La autoridad fue enfática al señalar que este tipo de incidentes no son aislados. “Esta es la segunda vez que aparece este suceso en un lapso de 3 semanas”, precisó, recordando que en operativos anteriores se detectó que narcotraficantes ofrecían dinero a las comunidades para expulsar a Umopar.
Críticas a la dirigencia y rechazo a planes políticos
El viceministro cuestionó duramente el rol de los líderes cocaleros del Trópico, acusándolos de generar desinformación para proteger actividades ilícitas.
“Han habido mensajes de dirigentes cocaleros llamando a generar ruido, a generar un levantamiento de la ciudadanía en las zonas rojas. Esto genera situaciones que nos ponen en una situación complicada porque tuvimos que hacer uso proporcional de la fuerza con gases lacrimógenos para poder salir del lugar”, afirmó Justiniano.
Asimismo, descalificó las denuncias sobre supuestos planes de aprehensión contra figuras políticas, calificándolas de “declaraciones alejadas de la realidad” y con fines estrictamente políticos. “El 90% de las fábricas son de esa zona [el Chapare]… Esta es una guerra contra el narco que estaba muy debilitada”, añadió.
Cooperación internacional y tecnología
Justiniano destacó que Bolivia ha retomado la confianza de organismos internacionales y países vecinos. Mencionó la formación de un Equipo Conjunto de Investigación (ECI) con Chile y España para desarticular redes que enviaban droga en contenedores de madera hacia Europa y Asia.
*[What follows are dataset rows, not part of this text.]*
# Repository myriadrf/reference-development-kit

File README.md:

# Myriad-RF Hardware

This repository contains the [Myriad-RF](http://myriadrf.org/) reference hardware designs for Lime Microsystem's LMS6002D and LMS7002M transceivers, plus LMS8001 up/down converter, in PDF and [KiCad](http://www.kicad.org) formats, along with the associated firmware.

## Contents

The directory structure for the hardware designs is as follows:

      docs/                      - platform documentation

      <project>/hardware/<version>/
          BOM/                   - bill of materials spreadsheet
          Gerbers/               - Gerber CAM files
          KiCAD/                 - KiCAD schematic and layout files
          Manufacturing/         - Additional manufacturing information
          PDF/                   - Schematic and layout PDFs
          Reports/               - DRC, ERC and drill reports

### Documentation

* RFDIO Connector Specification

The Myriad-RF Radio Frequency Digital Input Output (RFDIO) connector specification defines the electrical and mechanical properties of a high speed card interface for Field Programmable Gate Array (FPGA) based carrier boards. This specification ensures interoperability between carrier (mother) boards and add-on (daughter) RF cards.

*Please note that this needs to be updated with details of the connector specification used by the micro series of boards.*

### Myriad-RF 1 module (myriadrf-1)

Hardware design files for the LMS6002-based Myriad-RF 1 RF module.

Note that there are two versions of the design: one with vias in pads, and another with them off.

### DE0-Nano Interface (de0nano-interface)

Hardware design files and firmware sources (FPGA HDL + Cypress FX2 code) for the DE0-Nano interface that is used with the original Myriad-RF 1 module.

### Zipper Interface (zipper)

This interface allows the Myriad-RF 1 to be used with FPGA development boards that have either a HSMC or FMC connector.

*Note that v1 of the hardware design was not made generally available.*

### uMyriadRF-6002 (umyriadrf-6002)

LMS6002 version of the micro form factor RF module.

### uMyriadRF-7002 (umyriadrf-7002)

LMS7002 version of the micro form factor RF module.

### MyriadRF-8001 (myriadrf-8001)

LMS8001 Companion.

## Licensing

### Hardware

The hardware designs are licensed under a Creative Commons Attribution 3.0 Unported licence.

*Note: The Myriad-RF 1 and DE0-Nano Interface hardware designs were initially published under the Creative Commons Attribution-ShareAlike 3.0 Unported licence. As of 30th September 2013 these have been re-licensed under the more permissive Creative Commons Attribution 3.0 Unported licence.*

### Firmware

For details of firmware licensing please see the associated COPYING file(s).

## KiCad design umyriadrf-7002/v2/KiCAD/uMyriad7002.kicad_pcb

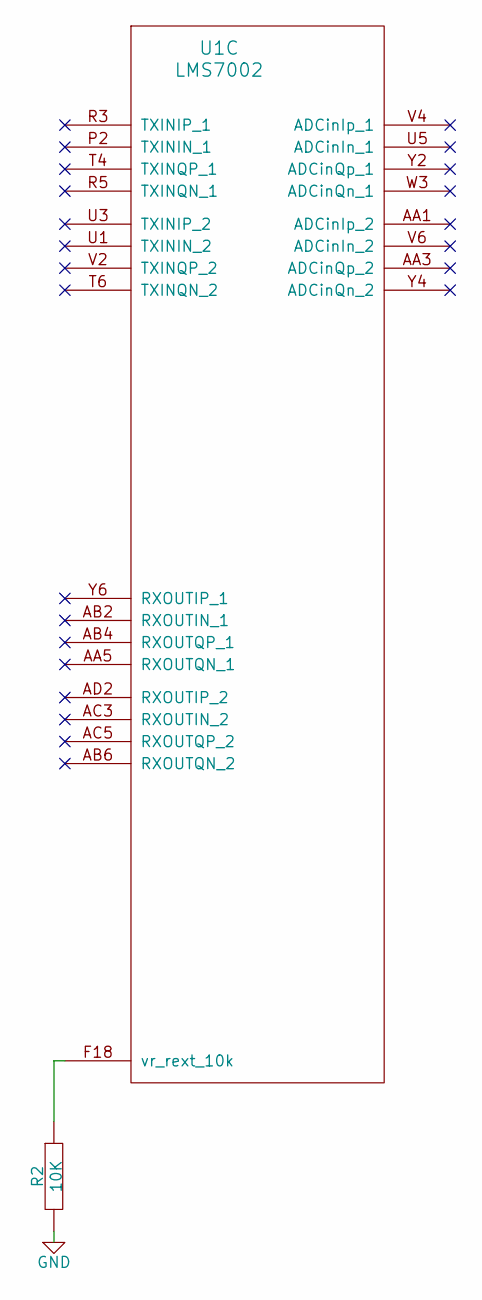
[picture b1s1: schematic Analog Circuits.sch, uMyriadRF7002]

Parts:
R2: 10K_0402; SMD0402; Manufacturer Part Number RMCF0402FT10K0
U1: LMS7002; aQFN-261

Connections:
GND: R2.2; also elsewhere on the board
unnamed: R2.1, U1.F18 (vr_rext_10k)

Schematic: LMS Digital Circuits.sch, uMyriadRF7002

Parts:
C13, C14, C15: 1UF_0402; SMD0402; Manufacturer Part Number CC0402ZRY5V5BB105
C22: 10PF_0402; SMD0402; Manufacturer Part Number CC0402JRNPO9BN100
J1: 100-PIN_CONNECTOR_3MMHEIGHT; 100-PIN_CONNECTOR; Manufacturer Part Number DF40HC(3.0)-100DS-0.4V(58)
R1, R11, R19, R20, R21, R22, R24: 10K_0402; SMD0402; Manufacturer Part Number RMCF0402FT10K0
R25, R26, R27, R28: 47R_0402; SMD0402; Manufacturer Part Number RC0402FR-0747RL
R29, R39: 2K2_0402; SMD0402; Manufacturer Part Number RC0402FR-072K2L
U1: LMS7002; aQFN-261
U6: 24FC512; 8-TSSOP; Manufacturer Part Number 24FC512-I/ST
U8: 24FC64F; 8-TSSOP; Manufacturer Part Number 24FC64F-I/ST

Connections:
+1.8V: J1.21, J1.22, J1.23, J1.24; also elsewhere on the board
+1.25V: J1.83, J1.84, J1.85, J1.86; also elsewhere on the board
+3.3V: C13.1, C14.1, C15.1, J1.17, J1.18, J1.19, J1.20, R11.1, R19.1, R20.1, R22.1, R24.1, R29.1, R39.1, U6.1 (A0), U6.2 (A1), U6.3 (A2), U6.8 (Vcc), U8.8 (Vcc); also elsewhere on the board
DIG_RST: J1.44, R21.2, U1.V30 (DIG_RST)
DIQ1_D0: J1.74, U1.AG31 (DIQ0_1)
DIQ1_D1: J1.76, U1.AF30 (DIQ1_1)
DIQ1_D2: J1.79, U1.AF34 (DIQ2_1)
DIQ1_D3: J1.72, U1.AE31 (DIQ3_1)
DIQ1_D4: J1.70, U1.AD30 (DIQ4_1)
DIQ1_D5: J1.78, U1.AC29 (DIQ5_1)
DIQ1_D6: J1.77, U1.AE33 (DIQ6_1)
DIQ1_D7: J1.75, U1.AD32 (DIQ7_1)
DIQ1_D8: J1.68, U1.AC31 (DIQ8_1)
DIQ1_D9: J1.73, U1.AC33 (DIQ9_1)
DIQ1_D10: J1.80, U1.AB30 (DIQ10_1)
DIQ1_D11: J1.66, U1.AB32 (DIQ11_1)
DIQ2_D0: J1.52, U1.H30 (DIQ0_2)
DIQ2_D1: J1.49, U1.J31 (DIQ1_2)
DIQ2_D2: J1.50, U1.K30 (DIQ2_2)
DIQ2_D3: J1.51, U1.K32 (DIQ3_2)
DIQ2_D4: J1.56, U1.L31 (DIQ4_2)
DIQ2_D5: J1.54, U1.K34 (DIQ5_2)
DIQ2_D6: J1.58, U1.M30 (DIQ6_2)
DIQ2_D7: J1.53, U1.M32 (DIQ7_2)
DIQ2_D8: J1.60, U1.N31 (DIQ8_2)
DIQ2_D9: J1.55, U1.N33 (DIQ9_2)
DIQ2_D10: J1.64, U1.P30 (DIQ10_2)
DIQ2_D11: J1.62, U1.P32 (DIQ11_2)
ENABLE_IQSEL1: J1.67, U1.Y32 (IQSEL_Enable_1)
ENABLE_IQSEL2: J1.59, U1.R33 (IQSEL_Enable_2)
FCLK1: J1.69, U1.AA33 (FCLK1)
FCLK2: J1.61, U1.R29 (FCLK_2)
FPGA_LMS_CS: J1.38, R25.2
FPGA_SPI_MISO: J1.37, R28.2
FPGA_SPI_MOSI: J1.36, R27.2
FPGA_SPI_SCK: J1.40, R26.2
GND: C13.2, C14.2, C15.2, C22.2, J1.1, J1.2, J1.3, J1.4, J1.5, J1.6, J1.7, J1.8, J1.9, J1.10, J1.15, J1.16, J1.25, J1.26, J1.27, J1.28, J1.29, J1.30, J1.31, J1.32, J1.33, J1.34, J1.81, J1.82, J1.87, J1.88, J1.90, J1.91, J1.92, J1.93, J1.94, J1.95, J1.96, J1.97, J1.98, J1.99, J1.100, R1.1, R21.1, U6.4 (Vss), U6.7 (WP), U8.1 (A0), U8.2 (A1), U8.3 (A2), U8.4 (Vss), U8.7 (WP); also elsewhere on the board
GPIOn: J1.43; also elsewhere on the board
GPIOp: J1.41; also elsewhere on the board
G_PWR_DWN: J1.46, R24.2, U1.U33 (G_PWR_DWN)
MCLK1: J1.71, U1.AB34 (MCLK1)
MCLK2: J1.57, U1.P34 (MCLK_2)
unnamed: R25.1, U1.D28 (SEN)
unnamed: R28.1, U1.F28 (SDO)
unnamed: R27.1, U1.F30 (SDIO)
unnamed: C22.1, R26.1, U1.C29 (SCLK)
unnamed: R29.2, U1.D26 (SDA), U6.5 (SDA), U8.5 (SDA)
unnamed: R39.2, U1.C27 (SCL), U6.6 (SCL), U8.6 (SCL)
RESET: J1.42, R22.2, U1.E27 (RESET)
RXPLL_CLK: J1.89, U1.AM24 (RxPLL_CLK)
RX_EN: J1.47, R11.2, U1.V34 (RX_EN)
TXNRX1: J1.65, R19.2, U1.V32 (TXNRX1)
TXNRX2: J1.63, R1.2, U1.U31 (TXNRX2)
TXPLL_CLK: J1.35, U1.E5 (TxPLL_CLK)
TX_EN: J1.48, R20.2, U1.U29 (TX_EN)

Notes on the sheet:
+5V

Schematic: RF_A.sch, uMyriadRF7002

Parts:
C1, C2, C16, C220, C221: 100NF_0402; SMD0402; Manufacturer Part Number CC0402ZRY5V7BB104
C3, C7, C32: 1PF_0402; SMD0402; Manufacturer Part Number C1005C0G1H010B050BA
C6: 0.5PF_0402_NF; SMD0402; Manufacturer Part Number CC0402CRNPO9BNR50
C9, C10: 4.7PF_0402; SMD0402; Manufacturer Part Number GRM1555C1H4R7BA01D
C17, C222: 22PF_0402; SMD0402; Manufacturer Part Number CC0402JRNPO9BN220
C33, C218, C219, C223: 100PF_0402; SMD0402; Manufacturer Part Number CC0402JRNPO9BN101
EK1: SHIELD_30X25MM; shield_30x25mm
L3, L9: 12NH_0402_NF; IND_0402; Manufacturer Part Number 0402HP-12NX_LU
L4: 3.9NH_0402; IND_0402; Manufacturer Part Number 0402HP-3N9XGLU
L7, L8: 8.2NH_0402; IND_0402; Manufacturer Part Number 0402HP-8N2XJLU
R9, R12: 0R_0805; SM0805; Manufacturer Part Number RC0805JR-070RL
R44: 10K_0402; SMD0402; Manufacturer Part Number RMCF0402FT10K0
T1, T2: TR_TCM1-63AX+; TCM1-63AX+; Manufacturer Part Number TCM1-63AX+
T5: TR_TC1; TC1-1-13MA+; Manufacturer Part Number TC1-1-13MA+
U1: LMS7002; aQFN-261; Manufacturer Part Number LMS7002M
U7: PE4245; 6-DFN_PE4245; Manufacturer Part Number 4245-52
X1, X3: U.FL; Manufacturer Part Number 0734120110

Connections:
+1.8V: C1.1, C2.1, R9.1, R12.1; also elsewhere on the board
+3.3V: C16.1, C17.1, C221.1, C222.1, L9.1, R44.2, U7.4 (Vdd3V); also elsewhere on the board
GND: C1.2, C2.2, C16.2, C17.2, C220.2, C221.2, C222.2, EK1.1, T1.1, T1.2, T1.5, T2.1, T2.2, T2.5, T5.2, T5.4, T5.5, U1.AK12 (RF_gnd), U1.AL13 (RF_gnd), U7.2 (GND), X1.2 (GND), X3.2 (GND); also elsewhere on the board
GPIOp: C220.1, R44.1, U7.5 (CTRL); also elsewhere on the board
unnamed: C218.2, U7.3 (RF1)
unnamed: C223.1, U7.6 (RFC)
unnamed: C218.1, T5.6
unnamed: C3.2, C7.1, T1.4
unnamed: C7.2, C32.2, T1.6
unnamed: C219.1, T2.3
unnamed: C219.2, U7.1 (RF2)
unnamed: C223.2, L9.2, X1.1 (RF)
unnamed: L7.1, R9.2
unnamed: L8.1, R12.2
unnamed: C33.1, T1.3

Finalmente, reconoció que el país enfrenta un rezago tecnológico frente a las nuevas modalidades del narcotráfico:
“Nos dimos cuenta de que estamos con tecnologías de detección que son antiguas, no son eficientes. Hay inteligencia artificial y laboratorios en Chile que están detectando cocaína que nuestros controles no perciben”.
Pese a buscar apoyo logístico y de inteligencia de países como Estados Unidos y Brasil, la autoridad aclaró que “los operativos se hacen por efectivos bolivianos; no está contemplado que sean fuerzas fuera de nuestro país”.
Resumen del golpe al narcotráfico (Últimas 48 horas)
Afectación económica: Entre 1.2 y 1.4 millones de dólares.
Precursores en Eterazama: 190 turriles (Acetato, Ácido Sulfúrico, Ácido Clorhídrico, entre otros).
Frontera con Chile: Incautación de 9 toneladas de carbonato de sodio en Tambo Quemado.
Cochabamba: 480 kg de cocaína incautados en el Chapare y 46 kg en una camioneta proveniente de Perú.
Viceministro Justiniano anuncia “golpes” en zonas rojas, “esto es una guerra contra el narcotráfico”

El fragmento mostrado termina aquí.